Over the past decade, cybersecurity has risen to the top of the list of mission-critical business functions. It has happened because the internet has become a central part of many core business activities, and rapid digitization has created some serious risks. One need only look at the laundry list of major data breaches that have taken place in recent years to understand the scope of the potential for trouble.
That has, in turn, spawned a huge new industry dedicated to securing all of the data, systems, and digital assets that businesses have to protect. They’ve produced a sophisticated suite of tools and platforms that increase a business’s visibility into where their data flows, who’s accessing it, and where the vulnerable points are in their networks. But operating a complex monitoring apparatus like that often requires vast resources and teams of highly-trained cybersecurity professionals – and that costs a great deal of money.
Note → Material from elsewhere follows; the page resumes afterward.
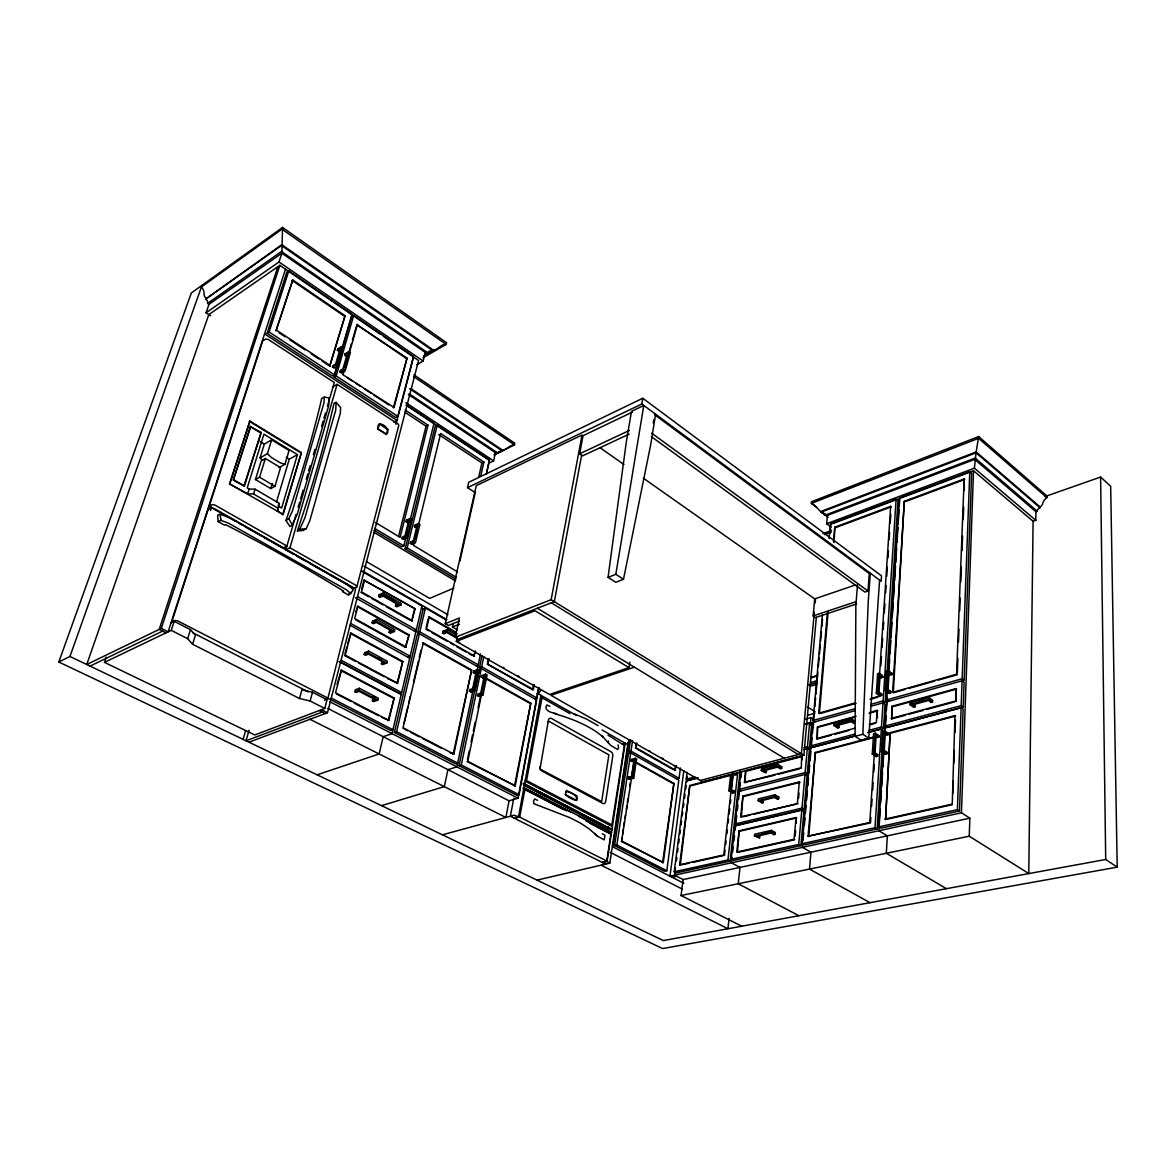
<?xml version="1.0" encoding="UTF-8"?>
<svg xmlns="http://www.w3.org/2000/svg" width="1176" height="1176" viewBox="0 0 1176 1176"><rect width="100%" height="100%" fill="white"/><g stroke="black" fill="none" stroke-linecap="round" stroke-linejoin="round"><path stroke-width="1.5" d="M283.151 514.485L229.496 483.85L249.9 421.052L301.394 452.598L283.151 514.485L277.433 511.148L278.874 503.137L255.045 489.172L249.136 489.04L247.21 487.922L263.939 434.179L297.454 454.642L281.652 508.032L278.844 506.4L278.874 503.137M879.589 580.106L868.785 738.116L861.038 740.174L855.099 736.352L855.863 605.816L857.495 584.531M978.653 436.561L976.153 451.937L821.304 511.295L821.23 512.119L824.552 513.574L825.243 515.132L827.389 515.397L974.698 459.404L1035.894 511.707L1037.276 511.237A3.175 2.205 -46.1 0 1 1040.01 507.723L1040.01 506.856A3.954 2.734 -46 0 0 1042.818 503.078A7.791 5.395 -45.6 0 1 1046.846 497.639L1046.861 495.919L978.653 436.561L811.513 501.74L811.352 503.387L817.188 507.797M901.477 497.786L973.522 470.782L1033.087 521.262L1035.806 520.336L1035.894 511.751M1033.087 521.262L1028.78 873.577L969.274 836.21L681.066 895.509L683.08 879.575L674.568 875.179L675.494 868.006M537.05 880.104L609.8 863.14L607.066 861.464L602.494 862.537M969.274 836.21L969.847 818.158L961.453 812.792L669.982 876.179L683.815 770.706M883.499 751.832L878.781 826.89L880.912 828.169L959.484 810.999L963.144 709.187L961.115 707.761L884.999 728.047L884.778 731.707M963.232 707.085L964.114 682.242L962.1 680.801L961.189 705.659L963.232 707.085L887.174 727.371L885.131 726.018L886.645 701.851L964.188 680.198L971.641 473.222L969.774 471.65L899.478 498.021L888.497 672.584M961.453 812.792L973.522 470.782M1035.806 520.336L974.389 468.18L976.153 451.937L1040.01 506.856M959.484 810.999L957.382 809.647L961.115 707.761M964.188 680.198L962.174 678.758L969.774 471.65M887.336 819.143L952.237 804.722L954.971 715.611L890.144 732.692L885.587 819.54L890.144 732.692M956.014 688.592L956.22 701.469L956.014 688.592L891.761 706.335L891.702 718.904L905.652 715.126M964.144 478.97L956.573 674.26L892.613 692.355L904.285 501.285L964.144 478.97L964.335 490.436M952.663 793.873L953.148 781.217M953.839 763.121L954.324 750.45M955.03 732.369L955.515 719.697M957.308 672.922L957.881 658.325M958.513 641.89L958.999 629.131M959.704 610.873L960.189 598.099M960.821 581.679L961.395 567.082M962.027 550.662L962.585 536.065M963.217 519.63L963.703 506.856M868.785 738.116L862.861 734.28L868.241 601.73L870.299 573.212M913.62 707.188L913.708 705.409L915.119 705.012L915.031 706.805L913.62 707.188L909.871 704.63L909.974 702.851L928.908 697.633L932.642 700.22L932.553 702.013L931.127 702.41L931.216 700.617M609.8 863.14L627.749 744.673L602.053 729.987M932.553 702.013L928.82 699.426L928.908 697.633M336.13 402.368L335.704 410.233L304.893 517.91L299.704 529.244L297.41 530.846L301.012 519.895A676.641 204.433 -61.3 0 0 331.882 412.423L334.131 403.133L336.13 402.368L340.614 407.558L340.334 413.202L309.788 520.762L306.157 528.73L303.232 530.508L297.41 530.846M915.031 706.805L912.311 704.938L912.4 703.16M891.702 718.904L891.761 706.335M905.388 689.386L893.29 692.811L904.285 501.285M324.341 397.091L323.988 402.751L292.53 510.663L288.84 518.66L285.93 520.483L289.957 526.525L292.251 524.922L297.469 513.559L328.677 405.735L329.133 397.87L324.341 397.091L321.695 398.37L320.195 404.956A679.654 201.522 -61.2 0 1 288.649 512.692L285.93 520.483M886.91 753.801L883.102 751.346L884.411 730.722L882.794 731.163L881.486 751.758L885.293 754.213L886.91 753.801L887.013 752.258L884.249 750.464L885.337 732.942L888.086 734.75L888.189 733.221L884.411 730.722M890.673 692.899L886.954 690.356L888.203 670.599L886.616 671.07L885.366 690.812L889.085 693.34L890.673 692.899L890.761 691.4L888.071 689.562L889.115 672.775M883.735 748.171L884.308 739.028M888.806 701.234L886.778 699.867L887.807 683.491M880.265 808.838L878.884 830.756L887.351 835.827L886.307 853.276L946.43 888.674M880.603 803.37L881.412 790.581M881.632 786.935L882.559 772.323M882.897 766.84L883.823 752.243M885.19 730.325L886.116 715.714M886.454 710.245L887.263 697.456M888.982 670.07L889.673 659.119M890.012 653.635L890.82 640.861M891.04 637.201L891.967 622.604M892.305 617.121L893.231 602.509M893.451 598.863L894.377 584.251M894.598 580.606L895.524 565.994M895.745 562.349L896.671 547.737M897.009 542.254L897.935 527.656M898.155 523.996L899.081 509.384M899.302 505.739L899.772 498.433L832.579 523.629M885.293 754.213L885.396 752.669L887.013 752.258M889.085 693.34L889.174 691.856L890.761 691.4M890.217 675.097L891.805 674.627L891.893 673.157L888.203 670.599M882.573 743.159L877.134 828.992L875.003 827.713L881.338 729.017L868.976 732.31M883.514 728.341L881.471 726.989L883.014 702.866L885.043 704.233L883.514 728.341L867.638 732.575M886.101 687.592L885.175 702.248L883.147 700.881L896.097 499.3L830.462 523.937L829.168 538.49M883.161 734.015L883.397 730.37L881.338 729.017M886.689 678.434L897.964 500.785L896.097 499.3M887.116 679.948L887.321 676.597M877.678 756.153L873.856 753.713L875.223 733.163L873.621 733.589L872.254 754.125L876.061 756.565L877.678 756.153L877.766 754.61L875.003 752.831L876.149 735.367L878.898 737.161L879.001 735.632L875.223 733.163M881.603 695.457L877.884 692.943L879.192 673.245L877.619 673.716L876.311 693.384L880.03 695.913L881.603 695.457L881.706 693.972L879.001 692.149L877.428 692.59M874.988 743.879L869.784 822.465L808.074 836.195L815.321 752.434L873.695 737.029M870.181 712.303L877.193 710.363L876.399 722.402L869.358 724.298M878.795 696.898L878.472 690.959M879.089 681.83L890.673 506.356L834.798 527.201L833.534 541.783M879.001 692.149L880.104 675.406L878.531 675.877L881.221 677.714L882.794 677.258L882.882 675.788L879.192 673.245M870.857 817.408L870.505 822.891L808.074 836.195M871.578 806.442L872.063 799.136M872.665 790.007L873.151 782.687M873.871 771.735L874.341 764.429M877.428 717.698L877.193 710.363M880.839 665.837L881.441 656.708M882.044 647.564L882.647 638.421M883.25 629.292L883.72 621.986M884.323 612.843L884.925 603.7M885.646 592.748L886.131 585.428M886.733 576.299L887.336 567.155M887.939 558.027L888.424 550.706M889.144 539.74L889.615 532.434M890.217 523.305L890.82 514.162M876.061 756.565L876.164 755.007L877.766 754.61M880.03 695.913L880.133 694.428L881.706 693.972M881.221 677.714L881.324 676.244M627.749 744.893L627.896 742.615L630.307 740.483M651.475 436.708L864.904 592.072L868.006 591.043L869.27 573.565L654.576 414.687M851.6 718.918L855.364 721.373L855.231 723.108L851.468 720.668L851.6 718.918L834.019 723.769L833.887 725.489L837.65 727.915L838.958 727.562L839.091 725.827L837.782 726.18L837.65 727.915M602.318 862.449L606.742 861.023L519.674 817.1L514.177 818.143M831.285 735.22L817.202 739.028L817.526 726.841L856.143 716.184M827.375 612.931L818.702 713.244L855.393 702.866M808.779 836.606L815.321 752.434M817.202 739.028L817.526 726.841M819.378 713.685L828.183 611.564M834.166 542.254L834.798 527.201M877.134 828.992L804.384 844.882L802.238 843.677L810.705 747.848L856.613 735.617M855.29 735.867L812.925 747.157L810.867 745.878L812.939 722.417L855.422 710.554M815.144 721.785L813.116 720.476L822.421 614.93M802.767 843.721L802.444 847.382L810.955 852.188L809.514 869.079L870.005 902.683M803.076 840.134L803.722 832.77M804.355 825.64L805.016 818.173M805.472 812.954L806.133 805.384M806.589 800.268L807.383 791.213M807.868 785.788L808.559 778.012M808.985 773.102L809.676 765.223M810.102 760.416L810.896 751.361M811.131 748.803L812.087 737.852M812.498 733.251L814.336 712.288M814.821 706.82L815.63 697.691M815.953 694.031L816.747 684.902M817.232 679.434L817.879 672.128M818.364 666.645L819.158 657.531M819.481 653.871L820.289 644.742M820.613 641.096L821.407 631.968M821.892 626.485L822.538 619.193M830.094 533.389L830.903 524.261M831.006 527.024L826.64 523.746L827.463 514.676M800.885 845.647L798.739 844.442L801.812 810.132L734.897 825.949L731.193 859.259L733.324 860.42L800.885 845.647L803.914 811.367L801.812 810.132M804.105 809.323L801.988 808.088L804.987 774.602L807.059 775.866L804.105 809.323L737.234 825.126L735.132 823.95L738.749 791.419L807.236 773.867L809.353 750.038L807.295 748.759L803.84 749.685M807.236 773.867L805.163 772.603L807.295 748.759M809.558 723.358L811.602 724.666L809.529 748.068L807.471 746.789L809.558 723.358L806.03 724.342M813.674 724.431L810.573 722.461L810.999 717.625L805.722 719.109M856.716 603.891L815.482 617.547L813.145 615.915L814.703 598.863L855.702 584.898M814.321 612.123L801.4 753.713L700.367 780.482M815.159 603.053L815.482 599.422L643.375 478.191M796.064 817.526L794.079 839.311L736.764 852.056L739.101 830.815L796.064 817.526L796.27 823.376M797.372 803.179L799.312 781.922L742.923 796.064L740.645 816.82L798.078 803.59M801.282 768.34L801.664 756.021L745.702 770.78L744.423 782.393L774.955 775.116M795.123 836.077L795.623 830.638M798.563 798.283L799.033 792.962M802.047 759.843L801.664 756.021M634.393 667.174L550.912 695.295L702.836 781.893L803.87 755.242L816.335 617.385M773.882 834.651L774.058 832.858L775.322 832.564L775.146 834.357L773.882 834.651L771.03 833.049L756.756 836.312L759.593 837.9L759.769 836.107L758.52 836.401M777.365 799.107L777.527 797.357L778.791 797.049L778.615 798.798L777.365 799.107L774.558 797.475L760.416 800.944L763.224 802.561L763.4 800.827L762.166 801.135L761.989 802.87L763.224 802.561M763.724 769.104L763.547 770.809L777.557 767.149L780.335 768.81L781.584 768.487L781.746 766.767L777.939 764.473L761.46 768.81L761.284 770.515L765.091 772.779L766.311 772.456L766.487 770.75M771.03 833.049L771.221 831.256M775.146 834.357L771.236 832.152L771.412 830.359L754.625 834.21L754.433 836.004L759.593 837.9M778.615 798.798L774.763 796.549L774.94 794.785L758.314 798.901L758.123 800.65L761.989 802.87M781.584 768.487L777.762 766.208L777.939 764.473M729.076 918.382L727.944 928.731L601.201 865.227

For that reason, businesses are constantly looking for ways that they might maintain their security while reducing costs. And now, the rising discipline of data security analytics is getting closer than ever to providing an answer by enabling advanced threat detection and mitigation that leverages automation to reduce the burden on overburdened IT staff. But to use it, businesses have to prepare their infrastructure to facilitate a system-wide analytics function. Here are the three most important steps they need to take.
Initial Data Collection
No matter what computing infrastructure is in use, there is one thing that is certain. It’s likely already generating huge amounts of data related to its operation and management. That means the first step to prepare to implement a security analytics system is to identify those data streams and integrate them into a central database system. There’s no single set of steps to follow to do this since no two computing environments are ever alike. Generally speaking, though, the on-staff network administrators and IT professionals should have a pretty good idea of where to start looking. Common data points within a business network include:
- Server security logs and operational data
- Network hardware logs (firewalls, routers, access points, etc.)
- Endpoint security logs
- Web activity logs and connection data
The idea is to try and discover any pre-existing data sources that provide visibility into the goings-on within the network. When that’s complete, it will be possible to start building connections to a database system.
Data Transformation and Normalization
When merging data that’s coming from distinct sources and systems, there’s little chance that the data will follow a single format or structure. That’s why the next step is to create a data transformation and normalization process that will be able to bring everything together in a single, coherent data structure.
In many cases, this can be accomplished by creating simple scripts that make the required transformations to the data before committing it to a database. Commonly, this is done using SQL scripting or Python, depending on the type of destination database. For complex data sets, or for when the volume of data you’re working with is too great, it may be necessary to choose an extract, transform, load (ETL) platform to act as a middleman in the process being built.
The main idea is to identify common data fields and to make sure they all end up using standardized names within the new database. For example, common data points like IP addresses, port values, and timestamps may be reported differently by differing systems and hardware. Making sure all of the data uses common language makes it possible to perform searches against it that will yield complete results.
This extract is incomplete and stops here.